Below are several entries. Transcribe exactly those lines that fall from the one with "Kt = 68.3*10^-3" through the one with "settings Model: Creator=OWNER", end lines included.

BEGIN GIVEN ENTRIES

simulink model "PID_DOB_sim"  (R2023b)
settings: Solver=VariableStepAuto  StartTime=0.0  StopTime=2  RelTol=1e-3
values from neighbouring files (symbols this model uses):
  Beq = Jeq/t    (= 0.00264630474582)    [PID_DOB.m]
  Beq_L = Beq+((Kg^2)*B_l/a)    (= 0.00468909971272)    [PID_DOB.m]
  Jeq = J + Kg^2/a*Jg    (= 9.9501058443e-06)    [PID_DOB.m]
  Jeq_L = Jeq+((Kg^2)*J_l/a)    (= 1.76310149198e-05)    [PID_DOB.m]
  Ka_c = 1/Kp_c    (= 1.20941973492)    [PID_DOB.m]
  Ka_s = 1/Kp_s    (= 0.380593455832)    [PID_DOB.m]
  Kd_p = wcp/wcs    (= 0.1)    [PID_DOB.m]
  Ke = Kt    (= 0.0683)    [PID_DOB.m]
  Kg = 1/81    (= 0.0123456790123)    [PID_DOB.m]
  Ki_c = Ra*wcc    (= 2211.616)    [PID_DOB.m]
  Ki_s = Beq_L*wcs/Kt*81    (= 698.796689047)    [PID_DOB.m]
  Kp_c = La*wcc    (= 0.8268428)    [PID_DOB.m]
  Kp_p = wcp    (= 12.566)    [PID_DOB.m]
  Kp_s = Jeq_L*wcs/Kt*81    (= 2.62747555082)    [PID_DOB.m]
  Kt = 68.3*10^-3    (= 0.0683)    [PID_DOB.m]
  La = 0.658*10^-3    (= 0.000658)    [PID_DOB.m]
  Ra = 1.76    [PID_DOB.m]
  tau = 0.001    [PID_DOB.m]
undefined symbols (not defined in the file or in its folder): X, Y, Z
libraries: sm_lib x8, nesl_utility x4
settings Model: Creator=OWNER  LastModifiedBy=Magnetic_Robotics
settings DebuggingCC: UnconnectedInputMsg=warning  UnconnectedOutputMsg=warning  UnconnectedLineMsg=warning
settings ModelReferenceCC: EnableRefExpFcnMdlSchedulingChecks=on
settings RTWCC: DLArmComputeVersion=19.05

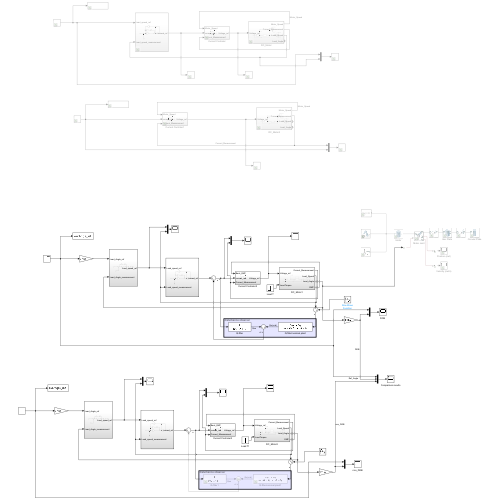
[thumbnail: Simulink's stored preview of the top-level diagram]
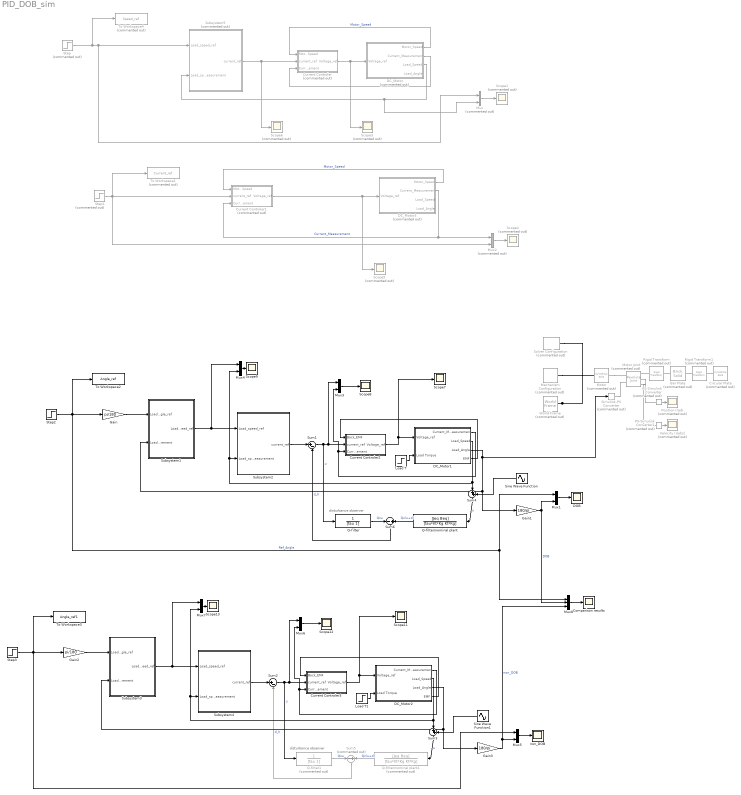
== system PID_DOB_sim ==
  note: disturbance observer
  note: disturbance observer
  Bar Plate : sm_lib/Body Elements/Brick Solid  Commented=on  GraphicAmbientColor=[0.15 0.15 0.15 1.0]  BasedOnType=Mass  BrickDimensions=[10 25 300]  BrickDimensionsUnits=mm  CenterOfMass=[0 0 0]  CenterOfMassUnits=m  GraphicDiffuseColor=[1.0 0.2 0.2]  Density=1000  DensityUnits=kg/m^3  DoExposeReferenceFrame=off  GraphicEmissiveColor=[0.0 0.0 0.0 1.0]  ExportEntireGeometry=off  SerializedFrames=<Frames><Frame><Id>Frame1</Id><Value><Name>F1</Name><Origin><Source>GeometricFeature</Source><FeatureName>-z surface</FeatureName></Origin><PrimaryAxis><DefinedDirection>+X</DefinedDirection><Source>ReferenceFrame</Source><SourceDirection>+Z</SourceDirection><FeatureName></FeatureName></PrimaryAxis><SecondaryAxis><DefinedDirection>+Z</DefinedDirection><Source>ReferenceFrame</Source><SourceDirection>+X</SourceDirection><FeatureName></FeatureName></SecondaryAxis></Value></Frame><Frame><Id>Frame2</Id><Value><Name>F2</Name><Origin><Source>GeometricFeature</Source><FeatureName>+z surface</FeatureName></Origin><PrimaryAxis><DefinedDirection>+Y</DefinedDirection><Source>ReferenceFrame</Source><SourceDirection>+Z</SourceDirection><FeatureName></FeatureName></PrimaryAxis><SecondaryAxis><DefinedDirection>+Z</DefinedDirection><Source>ReferenceFrame</Source><SourceDirection>+X</SourceDirection><FeatureName></FeatureName></SecondaryAxis></Value></Frame></Frames>  MarkerShape=Sphere  MarkerSize=10  GraphicType=FromGeometry  InertiaType=CalculateFromGeometry  Mass=175  MassUnits=g  MomentsOfInertia=[1 1 1]  MomentsOfInertiaUnits=kg*m^2  GraphicOpacity=1.0  ProductsOfInertia=[0 0 0]  ProductsOfInertiaUnits=kg*m^2  GraphicShininess=75  GraphicSpecularColor=[0.5 0.5 0.5 1.0]  GraphicVisPropType=SimpleVisualProperties
  Circular Plate : sm_lib/Body Elements/Cylindrical Solid  Commented=on  GraphicAmbientColor=[0.15 0.15 0.15 1.0]  BasedOnType=Mass  CenterOfMass=[0 0 0]  CenterOfMassUnits=m  GraphicDiffuseColor=[1.0 0.0 0.8]  CylinderLength=10  CylinderLengthUnits=mm  CylinderRadius=50  CylinderRadiusUnits=mm  Density=1000  DensityUnits=kg/m^3  DoExposeReferenceFrame=off  GraphicEmissiveColor=[0.0 0.0 0.0 1.0]  ExportEntireGeometry=off  SerializedFrames=<Frames><Frame><Id>Frame1</Id><Value><Name>F1</Name><Origin><Source>ReferenceFrame</Source><FeatureName></FeatureName></Origin><PrimaryAxis><DefinedDirection>+Z</DefinedDirection><Source>ReferenceFrame</Source><SourceDirection>+Z</SourceDirection><FeatureName></FeatureName></PrimaryAxis><SecondaryAxis><DefinedDirection>+X</DefinedDirection><Source>ReferenceFrame</Source><SourceDirection>+X</SourceDirection><FeatureName></FeatureName></SecondaryAxis></Value></Frame></Frames>  MarkerShape=Sphere  MarkerSize=10  GraphicType=FromGeometry  InertiaType=CalculateFromGeometry  Mass=340  MassUnits=g  MomentsOfInertia=[1 1 1]  MomentsOfInertiaUnits=kg*m^2  GraphicOpacity=1.0  ProductsOfInertia=[0 0 0]  ProductsOfInertiaUnits=kg*m^2  GraphicShininess=75  GraphicSpecularColor=[0.5 0.5 0.5 1.0]  GraphicVisPropType=SimpleVisualProperties
  Comparison results : Scope
  Current Controler : Subsystem  Commented=on
  Current Controler1 : Subsystem  Commented=on
  Current Controler2 : Subsystem
  Current Controler3 : Subsystem
  DC_Motor : Subsystem  Commented=on
  DC_Motor1 : Subsystem
  DC_Motor2 : Subsystem
  DC_Motor3 : Subsystem  Commented=on
  DOB : Scope
  Gain : Gain  Gain=pi/180
  Gain1 : Gain  Gain=180/pi
  Gain2 : Gain  Gain=pi/180
  Gain3 : Gain  Gain=180/pi
  Load T : Step  Time=0.1  After=2  SampleTime=0
  Load T1 : Step  Time=0.1  After=2  SampleTime=0
  Mechanism Configuration : sm_lib/Utilities/Mechanism Configuration  Commented=on  UniformGravity=Constant  GravityVector=[0 0 -9.80665]  GravityVectorUnits=m/s^2  LinearizationDelta=0.001  JointModeTransitionNonlinearIterations=2
  Motor : sm_lib/Body Elements/Cylindrical Solid  Commented=on  GraphicAmbientColor=[0.15 0.15 0.15 1.0]  BasedOnType=Density  CenterOfMass=[0 0 0]  CenterOfMassUnits=m  GraphicDiffuseColor=[0.5 0.5 0.5]  CylinderLength=150  CylinderLengthUnits=mm  CylinderRadius=30  CylinderRadiusUnits=mm  Density=1000  DensityUnits=kg/m^3  DoExposeReferenceFrame=off  GraphicEmissiveColor=[0.0 0.0 0.0 1.0]  ExportEntireGeometry=off  SerializedFrames=<Frames><Frame><Id>Frame1</Id><Value><Name>F1</Name><Origin><Source>ReferenceFrame</Source><FeatureName></FeatureName></Origin><PrimaryAxis><DefinedDirection>+Z</DefinedDirection><Source>ReferenceFrame</Source><SourceDirection>+Z</SourceDirection><FeatureName></FeatureName></PrimaryAxis><SecondaryAxis><DefinedDirection>+X</DefinedDirection><Source>ReferenceFrame</Source><SourceDirection>+X</SourceDirection><FeatureName></FeatureName></SecondaryAxis></Value></Frame><Frame><Id>Frame2</Id><Value><Name>F2</Name><Origin><Source>GeometricFeature</Source><FeatureName>top surface</FeatureName></Origin><PrimaryAxis><DefinedDirection>+Z</DefinedDirection><Source>ReferenceFrame</Source><SourceDirection>+Z</SourceDirection><FeatureName></FeatureName></PrimaryAxis><SecondaryAxis><DefinedDirection>+X</DefinedDirection><Source>ReferenceFrame</Source><SourceDirection>+X</SourceDirection><FeatureName></FeatureName></SecondaryAxis></Value></Frame></Frames>  MarkerShape=Sphere  MarkerSize=10  GraphicType=FromGeometry  InertiaType=CalculateFromGeometry  Mass=1  MassUnits=kg  MomentsOfInertia=[1 1 1]  MomentsOfInertiaUnits=kg*m^2  GraphicOpacity=1.0  ProductsOfInertia=[0 0 0]  ProductsOfInertiaUnits=kg*m^2  GraphicShininess=75  GraphicSpecularColor=[0.5 0.5 0.5 1.0]  GraphicVisPropType=SimpleVisualProperties
  Motor Joint : sm_lib/Joints/Revolute Joint  Commented=on  JointMode=Normal  SenseConstraintForce=off  SenseConstraintForceX=off  SenseConstraintForceY=off  SenseConstraintForceZ=off  SenseConstraintTorque=off  SenseConstraintTorqueX=off  SenseConstraintTorqueY=off  SenseConstraintTorqueZ=off  SenseTotalForce=off  SenseTotalForceX=off  SenseTotalForceY=off  SenseTotalForceZ=off  SenseTotalTorque=off  SenseTotalTorqueX=off  SenseTotalTorqueY=off  SenseTotalTorqueZ=off  CompositeWrenchDir=FollowerOnBase  CompositeWrenchFrame=BaseFrame  EquilibriumPosition=0  EquilibriumPositionUnits=deg  SpringStiffness=0  SpringStiffnessUnits=N*m/deg  DampingCoefficient=0  DampingCoefficientUnits=N*m/(deg/s)  TorqueActuationMode=ComputedTorque  MotionActuationMode=InputMotion  SensePosition=on  SenseVelocity=on  SenseAcceleration=off  SenseTorqueForce=off  SenseLowerLimitTorqueForce=off  SenseUpperLimitTorqueForce=off  LowerLimitSpecify=off  LowerLimitBound=-90  LowerLimitBoundUnits=deg  LowerLimitStiffness=1e4  LowerLimitStiffnessUnits=N*m/deg  LowerLimitDamping=10  LowerLimitDampingUnits=N*m/(deg/s)  LowerLimitTransitionRegionWidth=0.1  LowerLimitTransitionRegionWidthUnits=deg  UpperLimitSpecify=off  UpperLimitBound=90  UpperLimitBoundUnits=deg  UpperLimitStiffness=1e4  UpperLimitStiffnessUnits=N*m/deg  UpperLimitDamping=10  UpperLimitDampingUnits=N*m/(deg/s)  UpperLimitTransitionRegionWidth=0.1  UpperLimitTransitionRegionWidthUnits=deg  PositionTargetSpecify=off  PositionTargetPriority=High  PositionTargetValue=0  PositionTargetValueUnits=deg  VelocityTargetSpecify=off  VelocityTargetPriority=High  VelocityTargetValue=0  VelocityTargetValueUnits=deg/s
  Mux : Mux  Commented=on  Inputs=2
  Mux{1,3..7} (6 alike) : Mux  Inputs=2
  Mux2 : Mux  Commented=on  Inputs=2
  Mux8 : Mux  Inputs=3
  PS-Simulink Converter : nesl_utility/PS-Simulink Converter  Commented=on  PhysicalDomain=network_engine_domain  SubClassName=ps_output  LeftPortType=input  RightPortType=output  PseudoPeriodic=off  Frequencies=[]  VectorFormat=1-D array  Unit=inherit  AffineConversion=off
  PS-Simulink Converter1 : nesl_utility/PS-Simulink Converter  Commented=on  PhysicalDomain=network_engine_domain  SubClassName=ps_output  LeftPortType=input  RightPortType=output  PseudoPeriodic=off  Frequencies=[]  VectorFormat=1-D array  Unit=inherit  AffineConversion=off
  Position (rad) : Scope  Commented=on
  Q-filter : TransferFcn  Denominator=[tau 1]
  Q-filter/nominal plant : TransferFcn  Numerator=[Jeq Beq]  Denominator=[tau*Kt*Kg Kt*Kg]
  Q-filter/nominal plant1 : TransferFcn  Commented=on  Numerator=[Jeq Beq]  Denominator=[tau*Kt*Kg Kt*Kg]
  Q-filter1 : TransferFcn  Commented=on  Denominator=[tau 1]
  Rigid Transform : sm_lib/Frames and Transforms/Rigid Transform  Commented=on  TranslationMethod=StandardAxis  TranslationStandardOffset=5  TranslationStandardOffsetUnits=mm  TranslationStandardAxis=+Z  TranslationCartesianOffset=[0 0 0]  TranslationCartesianOffsetUnits=mm  TranslationROffset=0  TranslationROffsetUnits=m  TranslationZOffset=0  TranslationZOffsetUnits=m  TranslationThetaOffset=0  TranslationThetaOffsetUnits=deg  RotationMethod=None  RotationAngleUnits=deg  RotationStandardAxis=+Z  RotationAngle=0.0  RotationArbitraryAxis=[0 0 1]  FollAlignAxisA=+X  BaseAlignAxisA=+Y  FollAlignAxisB=+Y  BaseAlignAxisB=+Z  RotationSequenceAxes=FollowerAxes  RotationSequence=XYX  RotationSequenceAngles=[0 0 0]  RotationSequenceAnglesUnits=deg  RotationMatrix=[1 0 0; 0 1 0; 0 0 1]  Quaternion=[1 0 0 0]
  Rigid Transform1 : sm_lib/Frames and Transforms/Rigid Transform  Commented=on  TranslationMethod=StandardAxis  TranslationStandardOffset=10  TranslationStandardOffsetUnits=mm  TranslationStandardAxis=+Z  TranslationCartesianOffset=[0 0 0]  TranslationCartesianOffsetUnits=mm  TranslationROffset=0  TranslationROffsetUnits=m  TranslationZOffset=0  TranslationZOffsetUnits=m  TranslationThetaOffset=0  TranslationThetaOffsetUnits=deg  RotationMethod=None  RotationAngleUnits=deg  RotationStandardAxis=+Z  RotationAngle=0.0  RotationArbitraryAxis=[0 0 1]  FollAlignAxisA=+X  BaseAlignAxisA=+Y  FollAlignAxisB=+Y  BaseAlignAxisB=+Z  RotationSequenceAxes=FollowerAxes  RotationSequence=XYX  RotationSequenceAngles=[0 0 0]  RotationSequenceAnglesUnits=deg  RotationMatrix=[1 0 0; 0 1 0; 0 0 1]  Quaternion=[1 0 0 0]
  Scope{1,3..6} (5 alike) : Scope  Commented=on
  Scope{7..9,11..13} (6 alike) : Scope
  Simulink-PS Converter : nesl_utility/Simulink-PS Converter  Commented=on  PhysicalDomain=network_engine_domain  SubClassName=ps_input  LeftPortType=input  RightPortType=output  PseudoPeriodic=off  Frequencies=[]  NoiseDistribution=none  NoiseParameters=[]  Unit=rad  AffineConversion=off  FilteringAndDerivatives=filter  SimscapeFilterOrder=2  InputFilterTimeConstant=0.001  UdotUserProvided=0
  Sine Wave Function : Sin  Frequency=10  SampleTime=0
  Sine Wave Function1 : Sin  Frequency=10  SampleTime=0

END GIVEN ENTRIES

[OUTPUT OF THE TASK]
  Kt = 68.3*10^-3    (= 0.0683)    [PID_DOB.m]
  La = 0.658*10^-3    (= 0.000658)    [PID_DOB.m]
  Ra = 1.76    [PID_DOB.m]
  tau = 0.001    [PID_DOB.m]
undefined symbols (not defined in the file or in its folder): X, Y, Z
libraries: sm_lib x8, nesl_utility x4
settings Model: Creator=OWNER  LastModifiedBy=Magnetic_Robotics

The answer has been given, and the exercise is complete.